--- DATASET RECORDS ---

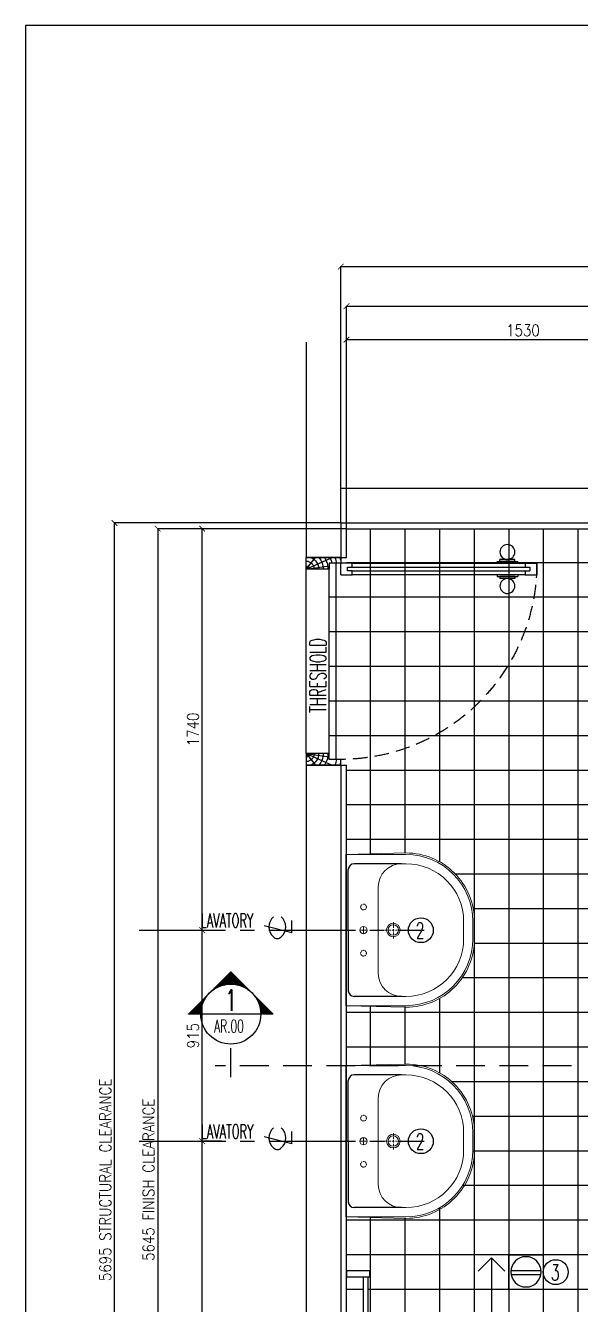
# Model space of a CAD drawing. Extents: x -139655 to -110778, y 166361 to 186286.
# Drawn here: x -139655 to -137250, y 180743 to 186286 of the extents above; entities that cross this region are included whole.
import ezdxf
from ezdxf.enums import TextEntityAlignment as Align

# ---------------------------------------------------------------- set-up
doc = ezdxf.new("R2010")
doc.units = 0
doc.header["$LTSCALE"] = 500
doc.header["$MEASUREMENT"] = 0
for name, pattern in [('CENTER2', [1.125, 0.75, -0.125, 0.125, -0.125]), ('DASHED', [0.75, 0.5, -0.25]), ('HIDDEN', [0.375, 0.25, -0.125])]:
    doc.linetypes.add(name, pattern=pattern)
doc.layers.get('0').update_dxf_attribs({"linetype": 'CONTINUOUS'})
doc.layers.get('DEFPOINTS').update_dxf_attribs({"linetype": 'CONTINUOUS'})
for name, color, linetype in [('A-TILES', 11, 'CONTINUOUS'), ('ARCDIMR', 4, 'CONTINUOUS'), ('AXIS', 11, 'CENTER2'), ('DIM-NEW', 4, 'CONTINUOUS'), ('Dimout', 4, 'CONTINUOUS'), ('DOOR', 2, 'CONTINUOUS'), ('DW', 7, 'CONTINUOUS'), ('ELE', 3, 'CONTINUOUS'), ('ELEV-MARK', 6, 'CONTINUOUS'), ('FIX', 2, 'CONTINUOUS'), ('Plaster', 7, 'CONTINUOUS'), ('Tile', 5, 'CONTINUOUS'), ('TITLE', 1, 'CONTINUOUS'), ('TXT', 2, 'CONTINUOUS'), ('WALL', 6, 'CONTINUOUS'), ('WallPartition', 2, 'CONTINUOUS')]:
    doc.layers.add(name, color=color, linetype=linetype)
doc.styles.add('DIM', font='simplex.shx', dxfattribs={"width": 0.85})
doc.styles.add('ROMANS', font='romans.shx', dxfattribs={"width": 0.6})
doc.dimstyles.new('DIM1-25', dxfattribs={"dimscale": 25, "dimtxt": 2, "dimasz": 1, "dimexe": 0.03, "dimexo": 0.03, "dimgap": 0.6, "dimtad": 1, "dimdec": 0, "dimdsep": 46, "dimtxsty": 'DIM', "dimblk1": 'ARCHTICK', "dimblk2": 'ARCHTICK', "dimsah": 1, "dimcen": 0.09, "dimdle": 0.03, "dimclrd": 256, "dimclrt": 2, "dimadec": 0, "dimazin": 0, "dimtfac": 1, "dimtdec": 0, "dimtix": 1, "dimtmove": 1, "dimatfit": 3, "dimldrblk": 'ARCHTICK', "dimfxl": 0, "dimtvp": 2, "dimtolj": 1, "dimtzin": 0, "dimarcsym": 0})

# ---------------------------------------------------------------- blocks, each defined once
blk = doc.blocks.new('A0-BOX')
at = {"layer": 'TITLE'}
for p, q in [((0, 79.7), (0, 0)), ((113.3, 79.7), (0, 79.7))]:
    blk.add_line(p, q, dxfattribs=at)
blk = doc.blocks.new('A$C6F351844')
for p, q in [((0, 0.1016), (0.0254, 0.1016)), ((0, 0), (0, 0.1016)), ((0.0254, 0.1016), (0.0254, 0)), ((0.5842, 0.0921), (0.0254, 0.0921)), ((0.5842, 0.073), (0.0254, 0.073)), ((0.5842, 0), (0.5842, 0.1016)), ((0.5842, 0.1016), (0.6096, 0.1016)), ((0.6096, 0.1016), (0.6096, 0)), ((0.0254, 0), (0, 0)), ((0.6096, 0), (0.5842, 0))]:
    blk.add_line(p, q)
blk = doc.blocks.new('_ARCHTICK')
at = {"color": 0, "linetype": 'ByBlock', "const_width": 0.15}
blk.add_lwpolyline([(-0.5, -0.5), (0.5, 0.5)], dxfattribs=at)
blk = doc.blocks.new('*D43')
at = {"layer": 'DEFPOINTS', "color": 0}
for p in [(-138263.8, 184105.5), (-139081.9, 178460.5), (-138263.8, 178460.5)]:
    blk.add_point(p, dxfattribs=at)
at = {"layer": 'Dimout', "color": 0, "lineweight": -2}
for p, q in [((-138264.5, 184105.5), (-139082.7, 184105.5)), ((-138264.5, 178460.5), (-139082.7, 178460.5))]:
    blk.add_line(p, q, dxfattribs=at)
at = {"layer": 'Dimout', "lineweight": -2}
blk.add_line((-139081.9, 184106.3), (-139081.9, 178459.8), dxfattribs=at)
at = {"layer": 'Dimout', "lineweight": -2, "xscale": 25, "yscale": 25, "zscale": 25}
for p, rotation in [((-139081.9, 184105.5), 90), ((-139081.9, 178460.5), 270)]:
    blk.add_blockref('_ARCHTICK', p, dxfattribs=dict(at, rotation=rotation))
at = {"layer": 'Dimout', "color": 2, "insert": (-139121.9, 181283), "char_height": 50, "attachment_point": 5, "rotation": 90, "style": 'DIM'}
blk.add_mtext('\\A1;5645 FINISH CLEARANCE', dxfattribs=at)
blk = doc.blocks.new('*D42')
at = {"layer": 'DEFPOINTS', "color": 0}
for p in [(-139269.2, 184130.5), (-138288.8, 184130.5), (-138288.8, 178435.5)]:
    blk.add_point(p, dxfattribs=at)
at = {"layer": 'Dimout', "color": 0, "lineweight": -2}
for p, q in [((-138289.5, 184130.5), (-139269.9, 184130.5)), ((-138289.5, 178435.5), (-139269.9, 178435.5))]:
    blk.add_line(p, q, dxfattribs=at)
at = {"layer": 'Dimout', "lineweight": -2}
blk.add_line((-139269.2, 178434.8), (-139269.2, 184131.3), dxfattribs=at)
at = {"layer": 'Dimout', "lineweight": -2, "xscale": 25, "yscale": 25, "zscale": 25}
for p, rotation in [((-139269.2, 184130.5), 90), ((-139269.2, 178435.5), 270)]:
    blk.add_blockref('_ARCHTICK', p, dxfattribs=dict(at, rotation=rotation))
at = {"layer": 'Dimout', "color": 2, "insert": (-139309.2, 181283), "char_height": 50, "attachment_point": 5, "rotation": 90, "style": 'DIM'}
blk.add_mtext('\\A1;5695 STRUCTURAL CLEARANCE', dxfattribs=at)
blk = doc.blocks.new('*D40')
at = {"layer": 'DEFPOINTS', "color": 0}
for p in [(-138889.2, 181450.5), (-138804.2, 181450.5), (-138263.8, 178460.5)]:
    blk.add_point(p, dxfattribs=at)
at = {"layer": 'Dimout', "color": 0, "lineweight": -2}
for p, q in [((-138804.9, 181450.5), (-138889.9, 181450.5)), ((-138264.5, 178460.5), (-138889.9, 178460.5))]:
    blk.add_line(p, q, dxfattribs=at)
at = {"layer": 'Dimout', "lineweight": -2}
blk.add_line((-138889.2, 178459.8), (-138889.2, 181451.3), dxfattribs=at)
at = {"layer": 'Dimout', "lineweight": -2, "xscale": 25, "yscale": 25, "zscale": 25}
for p, rotation in [((-138889.2, 181450.5), 90), ((-138889.2, 178460.5), 270)]:
    blk.add_blockref('_ARCHTICK', p, dxfattribs=dict(at, rotation=rotation))
at = {"layer": 'Dimout', "color": 2, "insert": (-138929.2, 179955.5), "char_height": 50, "attachment_point": 5, "rotation": 90, "style": 'DIM'}
blk.add_mtext('\\A1;2990', dxfattribs=at)
blk = doc.blocks.new('*D114')
at = {"layer": 'DEFPOINTS', "color": 0}
for p in [(-138889.2, 184105.5), (-138263.8, 184105.5), (-138953.8, 182365.1)]:
    blk.add_point(p, dxfattribs=at)
at = {"layer": 'Dimout', "color": 0, "lineweight": -2}
for p, q in [((-138264.5, 184105.5), (-138889.9, 184105.5)), ((-138953.1, 182365.1), (-138888.4, 182365.1))]:
    blk.add_line(p, q, dxfattribs=at)
at = {"layer": 'Dimout', "lineweight": -2}
blk.add_line((-138889.2, 182364.3), (-138889.2, 184106.3), dxfattribs=at)
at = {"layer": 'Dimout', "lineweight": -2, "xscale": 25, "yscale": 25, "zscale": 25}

---

• **YOUR GOAL**
Supply only the number of lines above in which "font" occurs.

• **EXERCISE RESULT**
2